- [What the task requires] What lines in this listing contain the string "CityJSON"? Report each one by copying it.

- [Records supplied]
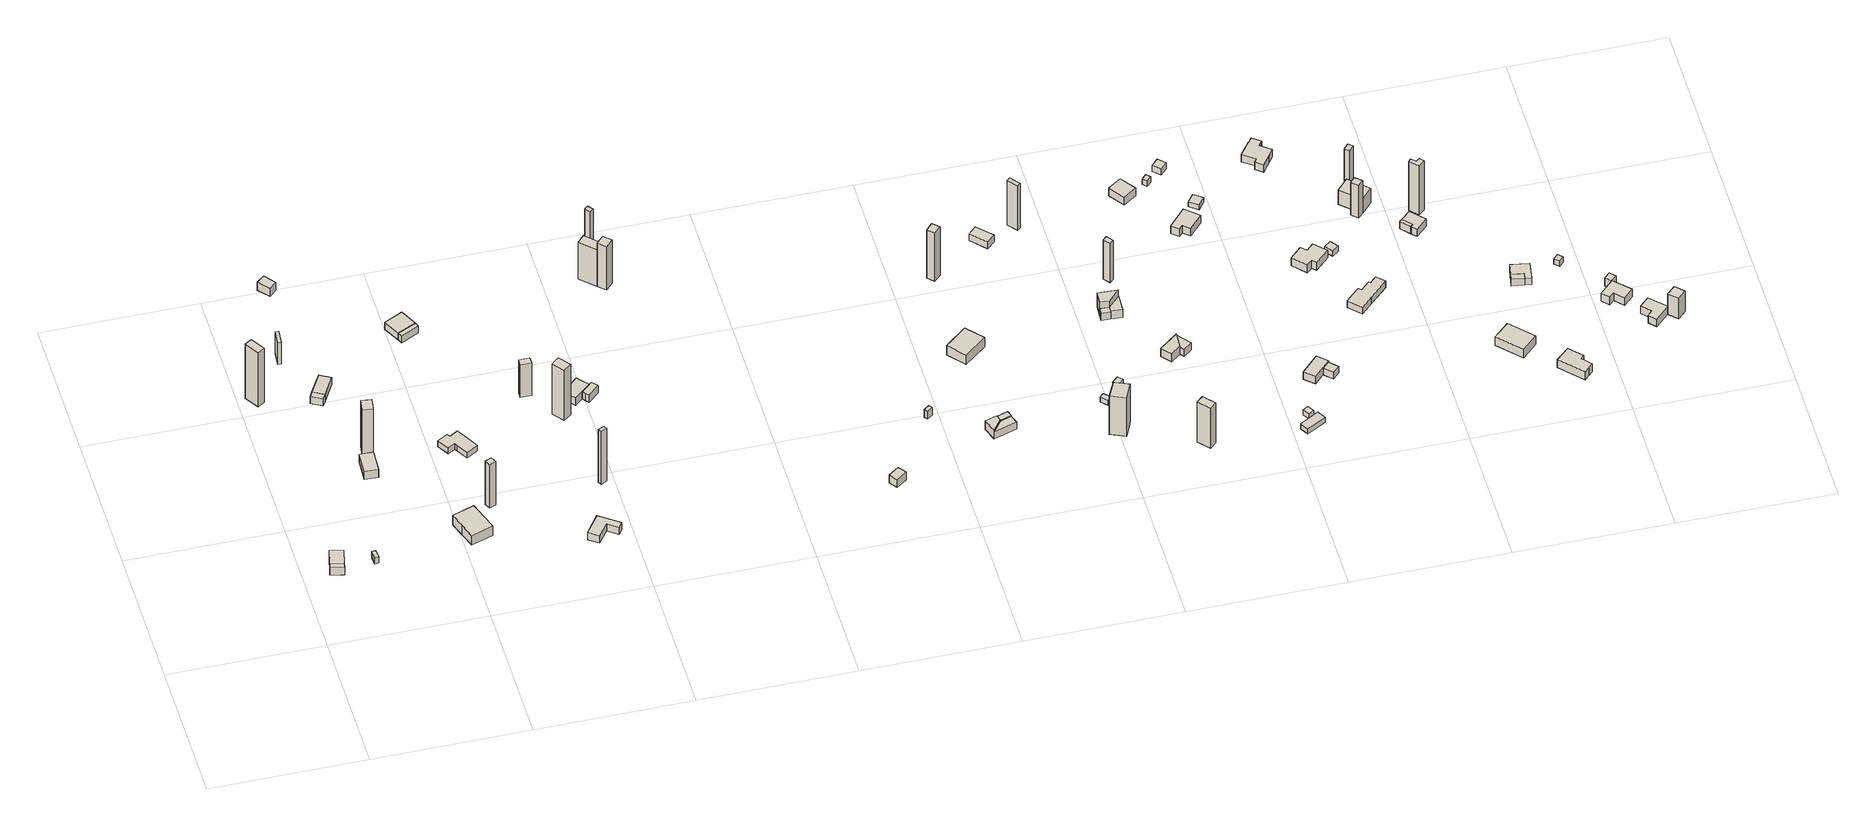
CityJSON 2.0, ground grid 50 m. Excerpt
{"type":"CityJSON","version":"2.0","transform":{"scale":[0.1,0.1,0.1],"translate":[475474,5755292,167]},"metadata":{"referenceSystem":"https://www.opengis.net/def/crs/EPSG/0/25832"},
"CityObjects":{
"building1":{"type":"Building","attributes":{"Gemeindeschluessel":"05766056","BezugspunktDach":"2000","function":"51009_1610","measuredHeight":3.54},"address":[{"country":"Germany"}],"geometry":[{"type":"Solid","lod":"1","boundaries":[[[[0,1,2,3]],[[4,5,6,7]],[[4,7,3,2]],[[5,4,2,1]],[[6,5,1,0]],[[7,6,0,3]]]]}]},
"building2":{"type":"Building","attributes":{"Gemeindeschluessel":"05766056","BezugspunktDach":"2000","function":"31001_1312","measuredHeight":3.29},"address":[{"country":"Germany","locality":"Oerlinghausen","thoroughfareNumber":"1103","thoroughfareName":"Brandsmühle"}],"geometry":[{"type":"Solid","lod":"1","boundaries":[[[[8,9,10,11]],[[7,6,12,13]],[[7,13,11,10]],[[6,7,10,9]],[[12,6,9,8]],[[13,12,8,11]]]]}]},
"building3":{"type":"Building","attributes":{"Gemeindeschluessel":"05766056","BezugspunktDach":"2000","function":"31001_2000","measuredHeight":2.28},"address":[{"country":"Germany","locality":"Oerlinghausen","thoroughfareNumber":"1103","thoroughfareName":"Brandsmühle"}],"geometry":[{"type":"Solid","lod":"1","boundaries":[[[[14,15,16,17]],[[18,19,20,21]],[[18,21,17,16]],[[19,18,16,15]],[[20,19,15,14]],[[21,20,14,17]]]]}]},
"building4":{"type":"Building","attributes":{"Gemeindeschluessel":"05766056","BezugspunktDach":"2000","function":"31001_2000","measuredHeight":23.86},"address":[{"country":"Germany","locality":"Oerlinghausen","thoroughfareNumber":"1091","thoroughfareName":"Brandsmühle"}],"geometry":[{"type":"Solid","lod":"1","boundaries":[[[[22,23,24,25]],[[26,27,28,29]],[[26,29,25,24]],[[27,26,24,23]],[[28,27,23,22]],[[29,28,22,25]]]]}]},
"building5":{"type":"Building","attributes":{"Gemeindeschluessel":"05766056","BezugspunktDach":"2000","function":"31001_1312","measuredHeight":3.73},"address":[{"country":"Germany","locality":"Oerlinghausen","thoroughfareNumber":"1097","thoroughfareName":"Brandsmühle"}],"geometry":[{"type":"Solid","lod":"1","boundaries":[[[[30,31,32,33]],[[34,35,36,37]],[[34,37,33,32]],[[35,34,32,31]],[[36,35,31,30]],[[37,36,30,33]]]]}]},
"building6":{"type":"Building","attributes":{"Gemeindeschluessel":"05766056","BezugspunktDach":"2100","function":"31001_2000","measuredHeight":9},"address":[{"country":"Germany","locality":"Oerlinghausen","thoroughfareNumber":"1091","thoroughfareName":"Brandsmühle"}],"geometry":[{"type":"Solid","lod":"1","boundaries":[[[[38,39,40,41]],[[42,43,44,45]],[[42,45,41,40]],[[43,42,40,39]],[[44,43,39,38]],[[45,44,38,41]]]]}]},
"building7":{"type":"Building","attributes":{"Gemeindeschluessel":"05766056","BezugspunktDach":"2000","function":"51009_1610","measuredHeight":3.22},"address":[{"country":"Germany"}],"geometry":[{"type":"Solid","lod":"1","boundaries":[[[[46,47,48,49]],[[50,51,52,53]],[[50,53,49,48]],[[51,50,48,47]],[[52,51,47,46]],[[53,52,46,49]]]]}]},
"building8":{"type":"Building","attributes":{"Gemeindeschluessel":"05766056","BezugspunktDach":"2000","function":"31001_2000","measuredHeight":19.59},"address":[{"country":"Germany","locality":"Oerlinghausen","thoroughfareNumber":"1097","thoroughfareName":"Brandsmühle"}],"geometry":[{"type":"Solid","lod":"1","boundaries":[[[[54,55,56,57]],[[58,59,60,61]],[[58,61,57,56]],[[59,58,56,55]],[[60,59,55,54]],[[61,60,54,57]]]]}]},
"building9":{"type":"Building","attributes":{"Gemeindeschluessel":"05766056","BezugspunktDach":"2000","function":"31001_1312","measuredHeight":3.19},"address":[{"country":"Germany","locality":"Oerlinghausen","thoroughfareNumber":"1091","thoroughfareName":"Brandsmühle"}],"geometry":[{"type":"Solid","lod":"1","boundaries":[[[[62,46,49,63]],[[64,65,66,67]],[[64,67,63,49]],[[65,64,49,46]],[[66,65,46,62]],[[67,66,62,63]]]]}]},
"building10":{"type":"Building","attributes":{"Gemeindeschluessel":"05766056","BezugspunktDach":"2000","function":"51009_1610","measuredHeight":3.87},"address":[{"country":"Germany"}],"geometry":[{"type":"Solid","lod":"1","boundaries":[[[[68,69,70,71]],[[72,73,74,75]],[[72,75,71,70]],[[73,72,70,69]],[[74,73,69,68]],[[75,74,68,71]]]]}]},
"building11":{"type":"Building","attributes":{"Gemeindeschluessel":"05766056","BezugspunktDach":"2000","function":"31001_1312","measuredHeight":4.38},"address":[{"country":"Germany","locality":"Oerlinghausen","thoroughfareNumber":"1104","thoroughfareName":"Brandsmühle"}],"geometry":[{"type":"Solid","lod":"1","boundaries":[[[[76,77,78,79,80,81]],[[82,83,84,85,86,87]],[[82,87,81,80]],[[83,82,80,79]],[[84,83,79,78]],[[85,84,78,77]],[[86,85,77,76]],[[87,86,76,81]]]]}]},
"building12":{"type":"Building","attributes":{"Gemeindeschluessel":"05766056","BezugspunktDach":"2000","function":"31001_2000","measuredHeight":18},"address":[{"country":"Germany","locality":"Oerlinghausen","thoroughfareNumber":"1104","thoroughfareName":"Brandsmühle"}],"geometry":[{"type":"Solid","lod":"1","boundaries":[[[[88,89,90,91]],[[92,93,94,95]],[[92,95,91,90]],[[93,92,90,89]],[[94,93,89,88]],[[95,94,88,91]]]]}]},
"building13":{"type":"Building","attributes":{"Gemeindeschluessel":"05766056","BezugspunktDach":"2000","function":"31001_1312","measuredHeight":2.9},"address":[{"country":"Germany","locality":"Oerlinghausen","thoroughfareNumber":"1098","thoroughfareName":"Brandsmühle"}],"geometry":[{"type":"Solid","lod":"1","boundaries":[[[[96,97,98,99,100,101,102,103,104,105]],[[106,107,108,109,110,111,112,113,114,115]],[[106,115,105,104]],[[107,106,104,103]],[[108,107,103,102]],[[109,108,102,101]],[[110,109,101,100]],[[111,110,100,99]],[[112,111,99,98]],[[113,112,98,97]],[[114,113,97,96]],[[115,114,96,105]]]]}]},
"building14":{"type":"Building","attributes":{"Gemeindeschluessel":"05766056","BezugspunktDach":"2000","function":"31001_1312","measuredHeight":3.37},"address":[{"country":"Germany","locality":"Oerlinghausen","thoroughfareNumber":"1092","thoroughfareName":"Brandsmühle"}],"geometry":[{"type":"Solid","lod":"1","boundaries":[[[[116,117,118,119]],[[120,121,122,123]],[[120,123,119,118]],[[121,120,118,117]],[[122,121,117,116]],[[123,122,116,119]]]]}]},
"building15":{"type":"Building","attributes":{"Gemeindeschluessel":"05766056","BezugspunktDach":"2000","function":"51009_1610","measuredHeight":3.37},"address":[{"country":"Germany"}],"geometry":[{"type":"Solid","lod":"1","boundaries":[[[[124,125,126,127]],[[128,120,123,129]],[[128,129,127,126]],[[120,128,126,125]],[[123,120,125,124]],[[129,123,124,127]]]]}]},
"building16":{"type":"Building","attributes":{"Gemeindeschluessel":"05766056","BezugspunktDach":"2000","function":"31001_1312","measuredHeight":2.95},"address":[{"country":"Germany","locality":"Oerlinghausen","thoroughfareNumber":"1105","thoroughfareName":"Brandsmühle"}],"geometry":[{"type":"Solid","lod":"1","boundaries":[[[[130,131,132,133,134,135]],[[136,137,138,139,140,141]],[[136,141,135,134]],[[137,136,134,133]],[[138,137,133,132]],[[139,138,132,131]],[[140,139,131,130]],[[141,140,130,135]]]]}]},
"building17":{"type":"Building","attributes":{"Gemeindeschluessel":"05766056","BezugspunktDach":"2000","function":"31001_2000","measuredHeight":13.54},"address":[{"country":"Germany","locality":"Oerlinghausen","thoroughfareNumber":"1099","thoroughfareName":"Brandsmühle"}],"geometry":[{"type":"Solid","lod":"1","boundaries":[[[[142,143,144,145]],[[146,147,148,149]],[[146,149,145,144]],[[147,146,144,143]],[[148,147,143,142]],[[149,148,142,145]]]]}]},
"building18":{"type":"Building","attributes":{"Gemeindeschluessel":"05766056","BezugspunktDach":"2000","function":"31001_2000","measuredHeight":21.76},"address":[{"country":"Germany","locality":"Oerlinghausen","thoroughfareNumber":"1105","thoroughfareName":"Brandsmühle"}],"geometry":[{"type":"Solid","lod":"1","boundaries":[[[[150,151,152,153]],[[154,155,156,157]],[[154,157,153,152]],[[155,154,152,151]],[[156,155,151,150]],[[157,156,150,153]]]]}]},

- [Problem solution]
CityJSON 2.0, ground grid 50 m. Excerpt
{"type":"CityJSON","version":"2.0","transform":{"scale":[0.1,0.1,0.1],"translate":[475474,5755292,167]},"metadata":{"referenceSystem":"https://www.opengis.net/def/crs/EPSG/0/25832"},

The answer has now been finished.